(Records to use)

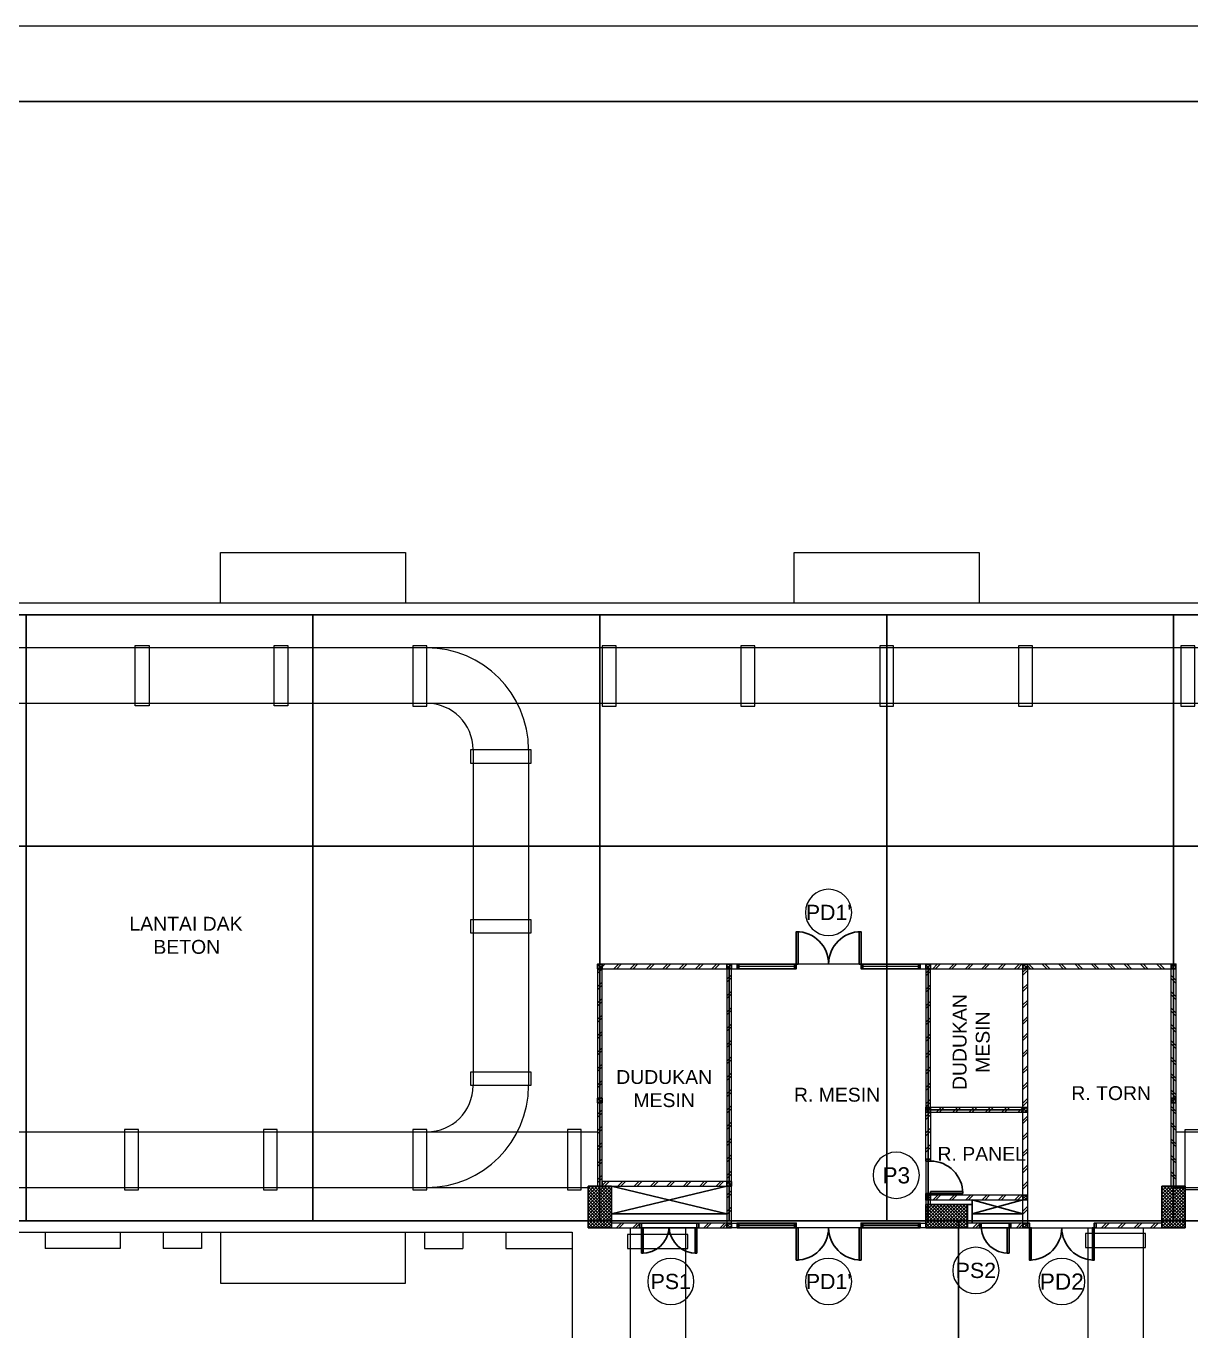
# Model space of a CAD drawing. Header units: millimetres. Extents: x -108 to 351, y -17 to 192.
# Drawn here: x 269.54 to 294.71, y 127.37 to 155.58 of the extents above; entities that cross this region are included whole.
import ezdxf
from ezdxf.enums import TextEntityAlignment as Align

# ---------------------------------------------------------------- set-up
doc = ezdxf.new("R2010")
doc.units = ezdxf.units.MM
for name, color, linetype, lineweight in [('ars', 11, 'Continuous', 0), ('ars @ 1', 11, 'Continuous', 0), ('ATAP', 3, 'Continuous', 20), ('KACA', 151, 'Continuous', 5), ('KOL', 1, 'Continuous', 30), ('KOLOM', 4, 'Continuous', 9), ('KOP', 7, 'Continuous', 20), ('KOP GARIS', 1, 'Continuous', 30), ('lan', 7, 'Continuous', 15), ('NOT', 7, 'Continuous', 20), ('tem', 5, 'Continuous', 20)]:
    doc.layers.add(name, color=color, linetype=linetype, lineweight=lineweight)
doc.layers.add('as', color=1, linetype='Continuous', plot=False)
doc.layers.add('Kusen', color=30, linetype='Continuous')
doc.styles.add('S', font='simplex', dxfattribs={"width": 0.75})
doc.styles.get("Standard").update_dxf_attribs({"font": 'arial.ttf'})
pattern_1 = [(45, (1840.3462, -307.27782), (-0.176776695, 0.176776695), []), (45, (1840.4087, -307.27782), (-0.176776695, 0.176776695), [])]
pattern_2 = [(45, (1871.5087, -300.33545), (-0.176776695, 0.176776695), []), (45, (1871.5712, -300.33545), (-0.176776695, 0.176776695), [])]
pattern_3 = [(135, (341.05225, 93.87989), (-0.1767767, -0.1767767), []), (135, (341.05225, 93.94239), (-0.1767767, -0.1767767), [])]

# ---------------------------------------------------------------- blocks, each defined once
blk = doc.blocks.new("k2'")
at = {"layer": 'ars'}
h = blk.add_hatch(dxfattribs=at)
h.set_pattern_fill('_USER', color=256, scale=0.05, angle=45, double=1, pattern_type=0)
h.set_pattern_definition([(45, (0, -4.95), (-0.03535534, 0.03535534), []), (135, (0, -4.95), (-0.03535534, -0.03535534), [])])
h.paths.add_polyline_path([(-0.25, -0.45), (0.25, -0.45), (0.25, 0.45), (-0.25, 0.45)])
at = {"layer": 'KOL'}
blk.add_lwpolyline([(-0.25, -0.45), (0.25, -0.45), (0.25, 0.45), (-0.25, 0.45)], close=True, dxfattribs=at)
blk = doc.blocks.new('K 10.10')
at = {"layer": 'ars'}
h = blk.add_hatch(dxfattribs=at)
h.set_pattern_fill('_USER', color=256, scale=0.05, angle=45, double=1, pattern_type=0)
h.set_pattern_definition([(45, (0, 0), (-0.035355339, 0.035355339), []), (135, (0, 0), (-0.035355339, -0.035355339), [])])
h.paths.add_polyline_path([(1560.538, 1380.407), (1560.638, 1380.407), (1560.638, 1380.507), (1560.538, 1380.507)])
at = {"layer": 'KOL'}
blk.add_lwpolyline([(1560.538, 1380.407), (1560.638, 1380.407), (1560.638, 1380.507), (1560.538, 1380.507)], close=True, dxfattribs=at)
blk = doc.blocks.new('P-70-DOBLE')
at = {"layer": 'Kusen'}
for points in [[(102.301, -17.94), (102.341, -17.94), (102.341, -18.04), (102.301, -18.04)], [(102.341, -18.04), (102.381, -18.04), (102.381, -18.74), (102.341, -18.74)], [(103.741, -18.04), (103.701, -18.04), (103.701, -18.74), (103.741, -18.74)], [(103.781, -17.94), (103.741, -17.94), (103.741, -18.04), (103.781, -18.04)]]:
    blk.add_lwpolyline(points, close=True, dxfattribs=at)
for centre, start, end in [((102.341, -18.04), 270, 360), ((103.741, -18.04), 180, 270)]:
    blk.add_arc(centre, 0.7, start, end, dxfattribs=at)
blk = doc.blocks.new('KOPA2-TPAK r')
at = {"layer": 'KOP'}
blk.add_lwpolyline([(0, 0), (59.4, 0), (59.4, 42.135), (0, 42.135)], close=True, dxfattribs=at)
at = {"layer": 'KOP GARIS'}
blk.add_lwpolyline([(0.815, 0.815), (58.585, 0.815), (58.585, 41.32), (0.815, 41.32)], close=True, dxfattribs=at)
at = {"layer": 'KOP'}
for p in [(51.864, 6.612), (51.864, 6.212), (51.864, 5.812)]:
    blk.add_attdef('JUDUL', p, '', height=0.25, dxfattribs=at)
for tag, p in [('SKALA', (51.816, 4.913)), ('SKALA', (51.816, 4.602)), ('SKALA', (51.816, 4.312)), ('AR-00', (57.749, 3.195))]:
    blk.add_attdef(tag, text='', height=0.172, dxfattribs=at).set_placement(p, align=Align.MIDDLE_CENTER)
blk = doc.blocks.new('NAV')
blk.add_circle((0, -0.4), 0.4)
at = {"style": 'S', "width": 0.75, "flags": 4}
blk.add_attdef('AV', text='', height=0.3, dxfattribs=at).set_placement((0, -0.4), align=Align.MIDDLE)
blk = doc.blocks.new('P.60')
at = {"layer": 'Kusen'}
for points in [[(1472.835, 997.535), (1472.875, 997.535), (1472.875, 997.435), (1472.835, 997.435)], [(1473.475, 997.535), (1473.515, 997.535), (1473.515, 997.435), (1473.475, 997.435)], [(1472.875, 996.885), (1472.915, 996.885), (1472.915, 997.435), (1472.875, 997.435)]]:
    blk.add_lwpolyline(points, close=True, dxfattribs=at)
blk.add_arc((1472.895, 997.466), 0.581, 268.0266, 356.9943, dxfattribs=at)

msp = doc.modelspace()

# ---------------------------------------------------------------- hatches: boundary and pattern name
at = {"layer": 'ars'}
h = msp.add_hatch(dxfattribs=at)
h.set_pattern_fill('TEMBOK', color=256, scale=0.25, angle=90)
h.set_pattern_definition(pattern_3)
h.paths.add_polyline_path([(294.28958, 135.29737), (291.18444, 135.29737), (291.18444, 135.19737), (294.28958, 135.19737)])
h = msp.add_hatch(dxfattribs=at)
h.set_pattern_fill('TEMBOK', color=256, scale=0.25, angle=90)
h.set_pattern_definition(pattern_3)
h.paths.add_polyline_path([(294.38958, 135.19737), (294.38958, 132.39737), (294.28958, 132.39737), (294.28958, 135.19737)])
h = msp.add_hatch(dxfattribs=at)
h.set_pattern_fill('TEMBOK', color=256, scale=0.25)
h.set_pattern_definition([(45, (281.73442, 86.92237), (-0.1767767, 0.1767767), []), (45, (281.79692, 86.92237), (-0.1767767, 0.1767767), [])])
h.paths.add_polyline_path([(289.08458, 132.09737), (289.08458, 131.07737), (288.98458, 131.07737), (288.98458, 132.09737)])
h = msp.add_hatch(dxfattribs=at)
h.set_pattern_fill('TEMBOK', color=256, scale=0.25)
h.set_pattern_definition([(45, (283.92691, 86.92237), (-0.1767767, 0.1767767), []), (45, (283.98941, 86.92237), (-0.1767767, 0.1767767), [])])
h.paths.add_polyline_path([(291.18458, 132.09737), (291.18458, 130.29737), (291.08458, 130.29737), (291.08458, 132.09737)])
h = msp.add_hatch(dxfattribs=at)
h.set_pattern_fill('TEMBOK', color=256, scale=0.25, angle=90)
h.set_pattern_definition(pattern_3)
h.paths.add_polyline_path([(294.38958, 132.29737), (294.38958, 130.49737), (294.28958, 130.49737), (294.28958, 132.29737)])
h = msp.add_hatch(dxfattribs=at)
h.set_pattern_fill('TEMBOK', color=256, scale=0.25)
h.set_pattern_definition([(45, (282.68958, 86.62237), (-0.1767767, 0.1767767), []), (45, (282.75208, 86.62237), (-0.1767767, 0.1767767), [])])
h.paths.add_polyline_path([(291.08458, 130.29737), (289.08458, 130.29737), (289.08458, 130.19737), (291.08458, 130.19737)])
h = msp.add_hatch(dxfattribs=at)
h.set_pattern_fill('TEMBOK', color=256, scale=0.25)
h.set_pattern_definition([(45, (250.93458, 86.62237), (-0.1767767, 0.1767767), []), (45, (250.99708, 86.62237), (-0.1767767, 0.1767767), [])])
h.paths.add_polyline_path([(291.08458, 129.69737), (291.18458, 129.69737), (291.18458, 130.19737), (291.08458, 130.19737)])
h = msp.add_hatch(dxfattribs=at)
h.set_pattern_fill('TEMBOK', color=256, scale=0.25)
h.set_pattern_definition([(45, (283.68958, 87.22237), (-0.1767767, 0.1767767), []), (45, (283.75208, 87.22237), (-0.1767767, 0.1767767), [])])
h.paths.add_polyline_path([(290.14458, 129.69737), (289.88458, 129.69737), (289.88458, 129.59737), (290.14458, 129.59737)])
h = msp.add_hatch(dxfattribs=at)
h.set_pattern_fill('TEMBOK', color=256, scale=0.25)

(End Records to use)

• _Work to be completed_:
The required output is the stretch of entries above from the line containing "blk = doc.blocks.new('KOPA2-TPAK r')" through the line containing "for tag, p in", reproduced exactly.

• _Solution to this problem_:
blk = doc.blocks.new('KOPA2-TPAK r')
at = {"layer": 'KOP'}
blk.add_lwpolyline([(0, 0), (59.4, 0), (59.4, 42.135), (0, 42.135)], close=True, dxfattribs=at)
at = {"layer": 'KOP GARIS'}
blk.add_lwpolyline([(0.815, 0.815), (58.585, 0.815), (58.585, 41.32), (0.815, 41.32)], close=True, dxfattribs=at)
at = {"layer": 'KOP'}
for p in [(51.864, 6.612), (51.864, 6.212), (51.864, 5.812)]:
    blk.add_attdef('JUDUL', p, '', height=0.25, dxfattribs=at)
for tag, p in [('SKALA', (51.816, 4.913)), ('SKALA', (51.816, 4.602)), ('SKALA', (51.816, 4.312)), ('AR-00', (57.749, 3.195))]:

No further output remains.